Flexible methods for species distribution modeling with small samples
Species distribution models (SDMs) predict where species live or could potentially live and are a key resource for ecological research and conservation decision‐making. However, current SDM methods often perform poorly for rare or inadequately sampled species, which include most species on earth, as well as most of those of the greatest conservation concern. Here, we evaluated the performance of three modeling approaches designed for data‐deficient situations: plug‐and‐play modeling, density‐ratio modeling, and environmental‐range modeling. We compared the performance of algorithms within these approaches with the maximum entropy (MaxEnt) model, a widely used density‐ratio algorithm, both for data‐poor species and more generally.
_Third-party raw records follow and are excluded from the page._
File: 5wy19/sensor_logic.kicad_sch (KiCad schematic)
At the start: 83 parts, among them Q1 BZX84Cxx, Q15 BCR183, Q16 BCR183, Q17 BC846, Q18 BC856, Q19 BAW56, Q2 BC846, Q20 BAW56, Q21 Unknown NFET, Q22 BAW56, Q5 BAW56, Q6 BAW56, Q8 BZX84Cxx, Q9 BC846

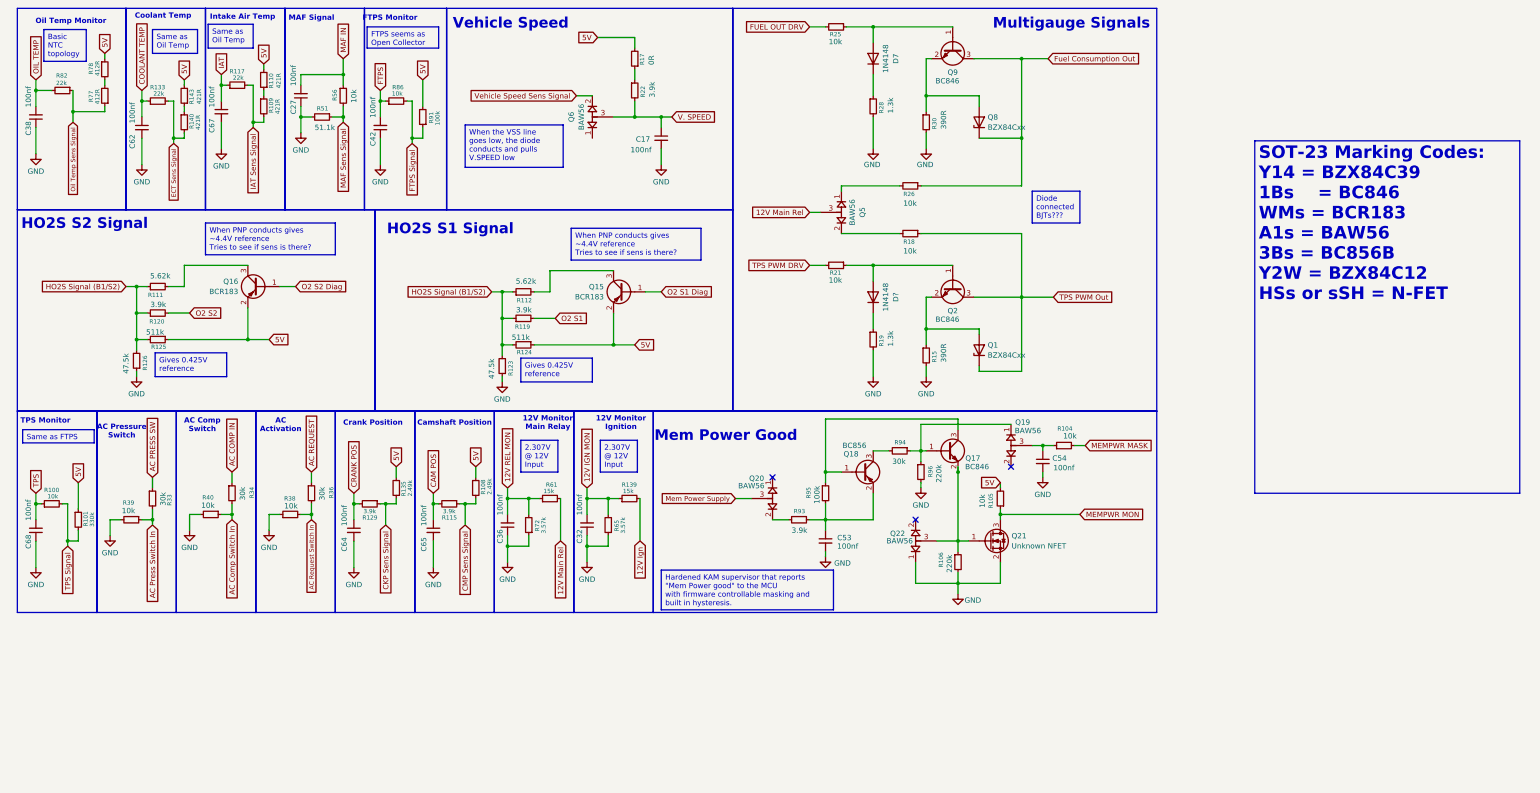
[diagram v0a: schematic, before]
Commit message: Finished most of the subsystems
-- MCU finished
-- Flash finished
-- Power Supply finished
-- I/O Drivers finished
-- CANBUS finished
-- Knock Control finished
-- Connector finished
-- Ignition Driver finished
-- Sensor Logic mostly finished
-- Logic ICs need some work
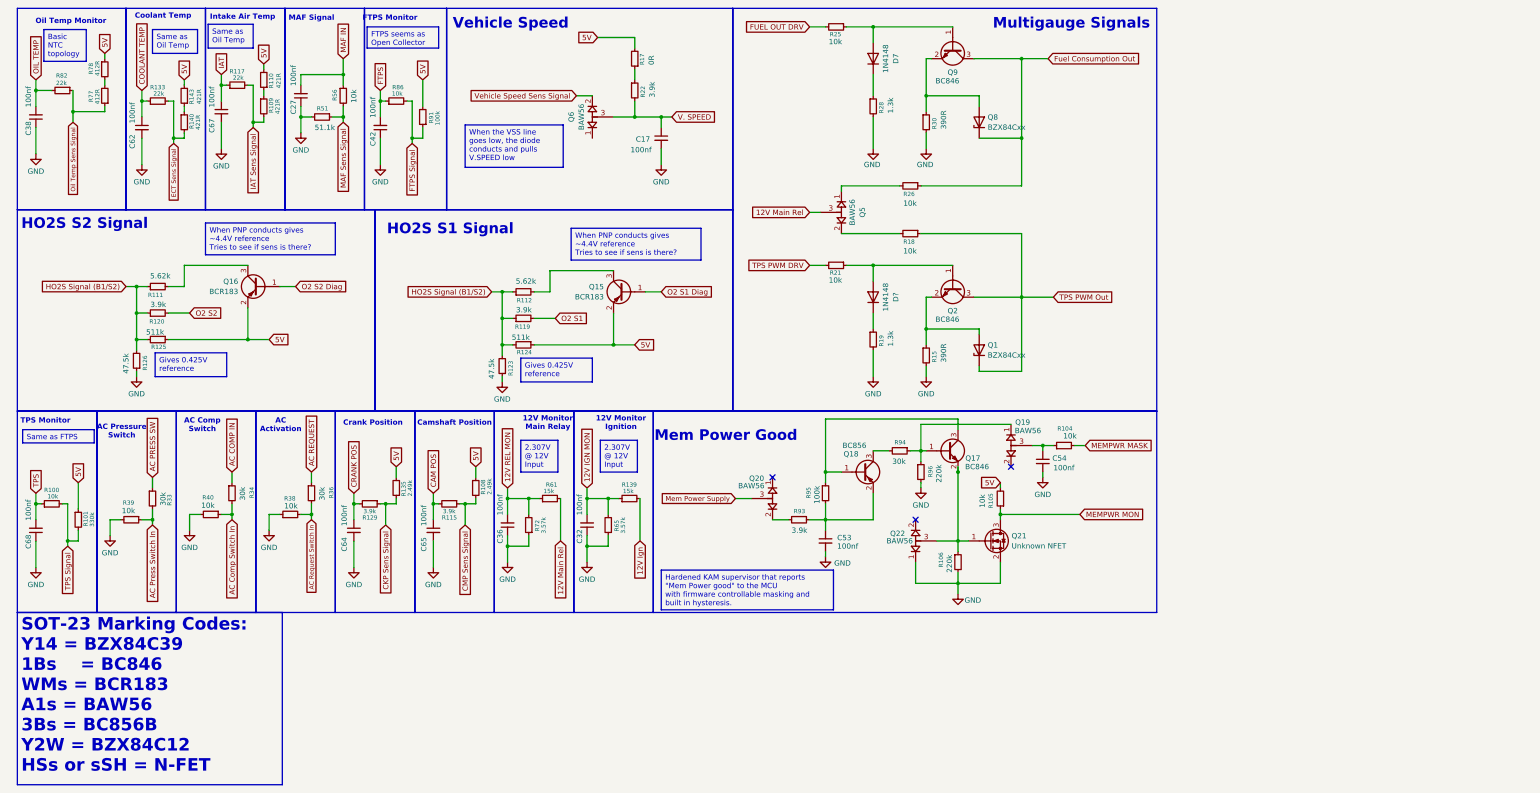
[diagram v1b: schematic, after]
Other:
- title: (none) -> SMIK43 5WY19 Rev. Eng
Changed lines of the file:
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@@
 	(generator_version "9.0")
 	(paper "A4")
+	(title_block
+		(title "SMIK43 5WY19 Rev. Eng")
+		(date "2025-10-28")
+		(rev "1.0")
+	)
 	(rectangle
 		(start 88.265 108.585)
@@
 	(text_box "SOT-23 Marking Codes:\nY14 = BZX84C39\n1Bs	= BC846\nWMs = BCR183\nA1s = BAW56\n3Bs = BC856B\nY2W = BZX84C12\nHSs or sSH = N-FET"
 		(exclude_from_sim no)
-		(at 308.61 43.815 0)
-		(size 63.5 84.455)
+		(at 12.065 156.845 0)
+		(size 63.5 41.275)
 		(margins 0.9525 0.9525 0.9525 0.9525)
 		(stroke
@@
 			)
 			(justify left top)
-		)
-	)
-	(text_box "Diode connected BJTs???"
-		(exclude_from_sim no)
-		(at 255.27 55.88 0)
-		(size 11.43 7.62)
-		(margins 0.9525 0.9525 0.9525 0.9525)
-		(stroke
-			(width 0)
-			(type solid)
-		)
-		(fill
-			(type none)
-		)
-		(effects
-			(font
-				(size 1.27 1.27)
-			)
-			(justify left top)

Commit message: Final schematic (except maybe some oversights)
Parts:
- added C48, C52, C59: 100nf, symbol Device:C_Small
- added R136, R137, R141, R142: 47.5k, symbol Device:R_Small
- gave numbers to parts that had none: 1
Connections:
- net 12V IGN MON: now also R139.2; no longer R139.1
- net 12V Ign: now also R139.1; no longer R139.2
- net 12V Main Rel: now also R61.1; no longer R61.2
- net 12V REL MON: now also R61.2; no longer R61.1
- net AC PRESS SW: now also R33.2; no longer R33.1
- net AC Press Switch In: now also R33.1; no longer R33.2
- net GND: now also C48.1, C59.1
- net HO2S Signal (B1/S2): no longer R112.1, R119.1, R123.2, R124.2
- net MAF IN: now also R56.2; no longer R56.1
- net MAF Sens Signal: now also R56.1; no longer R56.2
- new net HO2S Signal (B1/S1): R112.1, R119.1, R123.2, R124.2
- new net P5.12: R136.2, R142.2
- new net WHSP IN+: C52.1, C59.2, R137.2
- new net WHSP IN-: C48.2, C52.2, R141.2
- new net Wheel Speed Sens +: R136.1, R137.1
- new net Wheel Speed Sens -: R141.1, R142.1
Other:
- note added: "Wheel Speed Sensor"
- moved on the sheet: R139, R33, R56, R61

We also tested to what extent model cross‐validation performance on training data predicts model performance on independent, presence–absence data. We found that no algorithm performed best in all situations. Across all species, MaxEnt performed best on average but was outperformed by one or more of the plug‐and‐play, density‐ratio, or environmental‐range algorithms in 72% of cases. Six of the other algorithms had the area under the receiver operating characteristic curve (AUC) distributions not significantly different from MaxEnt's, and for data‐poor species (those with 20 or fewer occurrences), 24 of the algorithms considered had AUC distributions not significantly different from MaxEnt's. However, we found that the algorithm outputs (when thresholded to predict presence vs absence) spanned a wide sensitivity–specificity gradient. Specificity and prediction accuracy assessed on training data were strongly correlated with specificity and prediction accuracy assessed on independent presence–absence data. However, AUC and sensitivity were weakly correlated in training versus testing sets, with only 22% of species having the same model perform best when evaluated on training and independent, presence absence data. Finally, we show how ensembles of algorithms that span the sensitivity–specificity gradient can represent model disagreement in poorly sampled species and improve model predictions.